Assume that one is a believer and has been regenerated by the Holy Spirit. As far as I know, this means that the believer is now able to choose to obey or disobey God's commandments at every turn, whereas prior to regeneration they had no choice because they only loved sin. If this is correct, then can believers voluntarily change themselves (i.e., alter their behavior) in order to be more holy and righteous?

Here's an example. Suppose that, prior to salvation, I've been struggling with forgiving others and I tend to hold grudges. By the grace of God, I now have eternal life yet still struggle with this sin. Is it in my ability to work and change this aspect of my character? Or is it entirely up to God and His grace to monegistically work change and righteousness into my life?


----------



## AThornquist (Mar 23, 2009)

Remember Joel, we do not give in to the flesh when we _walk by the Spirit_ (Gal. 5:16). So, while in one sense we choose to conform to Christ and not submit ourselves to the yolk of sin, we do so because of God's grace and power over sin. 

We must not think that since "we have been saved" we can depend on ourselves to be holy. It is the Lord Almighty who makes us holy because He clothes us with Christ. Instead, a better statement would be that since we have been saved we can depend on the Lord to not tempt us more than we bear. And just try to consider what we can bear with the strength of Lord! 

We are _wholly dependent_ on Him in _choosing_ to follow the commands of God.


----------



## OPC'n (Mar 23, 2009)

Gal 3:2 *Let me ask you only this: Did you receive the Spirit by works of the law or by hearing with faith? 3Are you so foolish? Having begun by the Spirit, are you now being perfected by the flesh?*

You are justified, sanctified, and glorified by Christ Jesus...not a decision you make on your behalf. God *will get all* the glory.


----------



## Tim (Mar 23, 2009)

I understand that, theologically speaking, while justification is _monergistic_, sanctification (what you are talking about) is _synergistic_.

I'm not sure that I could readily demonstrate a solid scriptural case for this. Perhaps someone else who has done a study on this could help with some scripture passages?


----------



## BobVigneault (Mar 23, 2009)

The Scriptures describe our actions as fruit and we cannot grow the fruit. Growth is God's work and he works independently of our will. We are told that CULTIVATION is our responsibility. Prayer, Bible reading, worship, taking the sacraments, godly fellowship (the disciplines) are the means by which we are transformed.
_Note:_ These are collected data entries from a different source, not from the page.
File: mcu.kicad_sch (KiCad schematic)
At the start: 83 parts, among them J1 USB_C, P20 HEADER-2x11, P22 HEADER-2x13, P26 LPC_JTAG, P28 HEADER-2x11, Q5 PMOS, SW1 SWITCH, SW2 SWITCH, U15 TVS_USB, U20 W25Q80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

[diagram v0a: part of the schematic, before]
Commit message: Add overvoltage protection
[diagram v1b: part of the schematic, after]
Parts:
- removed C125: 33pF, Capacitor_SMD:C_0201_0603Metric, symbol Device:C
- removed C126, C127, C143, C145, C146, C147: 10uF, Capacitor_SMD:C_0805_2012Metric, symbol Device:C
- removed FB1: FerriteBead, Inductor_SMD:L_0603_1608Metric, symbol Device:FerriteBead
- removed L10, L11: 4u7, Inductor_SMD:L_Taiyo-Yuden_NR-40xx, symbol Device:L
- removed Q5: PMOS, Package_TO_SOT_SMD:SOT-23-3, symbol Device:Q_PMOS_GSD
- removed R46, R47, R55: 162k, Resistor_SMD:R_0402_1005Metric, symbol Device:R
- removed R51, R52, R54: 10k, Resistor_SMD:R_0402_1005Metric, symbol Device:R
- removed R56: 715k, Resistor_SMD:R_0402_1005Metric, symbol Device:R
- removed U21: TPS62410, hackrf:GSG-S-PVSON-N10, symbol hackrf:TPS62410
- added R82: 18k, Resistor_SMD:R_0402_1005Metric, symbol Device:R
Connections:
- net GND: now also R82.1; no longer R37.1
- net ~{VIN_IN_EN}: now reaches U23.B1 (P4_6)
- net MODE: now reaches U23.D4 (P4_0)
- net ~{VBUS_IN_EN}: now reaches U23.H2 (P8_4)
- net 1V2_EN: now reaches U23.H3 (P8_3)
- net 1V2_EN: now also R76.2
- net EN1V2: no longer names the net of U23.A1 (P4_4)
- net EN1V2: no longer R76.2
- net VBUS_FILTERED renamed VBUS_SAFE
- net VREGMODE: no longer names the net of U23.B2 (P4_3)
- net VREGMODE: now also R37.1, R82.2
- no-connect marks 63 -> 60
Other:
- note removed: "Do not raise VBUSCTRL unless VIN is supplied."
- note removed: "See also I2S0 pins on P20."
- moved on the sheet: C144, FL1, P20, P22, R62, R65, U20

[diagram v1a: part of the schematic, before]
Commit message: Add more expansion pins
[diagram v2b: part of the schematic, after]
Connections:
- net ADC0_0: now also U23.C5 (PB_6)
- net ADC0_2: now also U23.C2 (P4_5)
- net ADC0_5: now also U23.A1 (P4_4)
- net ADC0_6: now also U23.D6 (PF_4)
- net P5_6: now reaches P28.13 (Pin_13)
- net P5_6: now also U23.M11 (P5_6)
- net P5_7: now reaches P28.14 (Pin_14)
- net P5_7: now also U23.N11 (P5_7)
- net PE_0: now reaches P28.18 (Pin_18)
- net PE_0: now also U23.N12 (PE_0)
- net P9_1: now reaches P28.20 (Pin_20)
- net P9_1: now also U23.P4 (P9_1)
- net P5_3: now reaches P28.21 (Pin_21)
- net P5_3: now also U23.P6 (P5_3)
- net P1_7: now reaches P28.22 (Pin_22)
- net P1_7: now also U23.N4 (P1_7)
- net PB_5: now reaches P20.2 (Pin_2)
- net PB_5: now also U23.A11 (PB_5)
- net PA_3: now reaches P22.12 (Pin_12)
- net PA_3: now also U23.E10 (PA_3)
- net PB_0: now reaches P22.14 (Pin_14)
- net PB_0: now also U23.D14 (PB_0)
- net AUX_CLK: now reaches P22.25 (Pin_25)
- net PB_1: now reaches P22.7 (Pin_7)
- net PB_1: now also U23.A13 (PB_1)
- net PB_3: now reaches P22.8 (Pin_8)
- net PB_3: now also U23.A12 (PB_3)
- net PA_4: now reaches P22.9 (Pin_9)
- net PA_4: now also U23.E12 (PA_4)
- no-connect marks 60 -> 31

Psalm 119:9 How can a young man keep his way pure?
By guarding it according to your word.
10 With my whole heart I seek you;
let me not wander from your commandments!
11* I have stored up your word in my heart,
that I might not sin against you.*

This passage clearly tells us that meditating on God's Word changes us.

So don't think in terms of changing yourself but in terms of cultivation so that change (growth) can be increased and maintained.


----------



## Jimmy the Greek (Mar 23, 2009)

If God has changed our nature, and He has via regeneration, then we (in the power of the Spirit) can and should pursue changes in our thoughts and actions that conform us more and more to the image of Christ. Scripture says on one hand God is conforming us, and on the other, we are to work out our salvation in fear and trembling.


----------



## Scott1 (Mar 23, 2009)

Good, thoughtful questions.



WaywardNowHome said:


> After some recent ponderings, I've come across a question that I've wondered many times before yet never really had answered.
> 
> Assume that one is a believer and has been regenerated by the Holy Spirit. As far as I know, this means that the believer is now able to choose to obey or disobey God's commandments at every turn,
> yes
> ...





> Westminster Confession of Faith
> 
> Chapter XIII
> Of Sanctification
> ...





> Scripture proofs
> 
> [1] 1CO 6:11 And such were some of you: but ye are washed, but ye are sanctified, but ye are justified in the name of the Lord Jesus, and by the Spirit of our God. ACT 20:32 And now, brethren, I commend you to God, and to the word of his grace, which is able to build you up, and to give you an inheritance among all them which are sanctified. PHI 3:10 That I may know him, and the power of his resurrection, and the fellowship of his sufferings, being made conformable unto his death; ROM 6:5 For if we have been planted together in the likeness of his death, we shall be also in the likeness of his resurrection: 6 Knowing this, that our old man is crucified with him, that the body of sin might be destroyed, that henceforth we should not serve sin.
> 
> ...


----------



## WaywardNowHome (Mar 23, 2009)

You've all brought up great points and I think I'm starting to understand the nature of sanctification better. Bob, I've read so much about fruit and growth and related terms in Scripture but, for some reason, it finally makes a lot more sense after you described it in that way.

So I guess sanctification is indeed synergistic in that the believer does all the cultivating but, in the end, God gets all the glory because He is the one who determines the growth. I like that. Praise God.


----------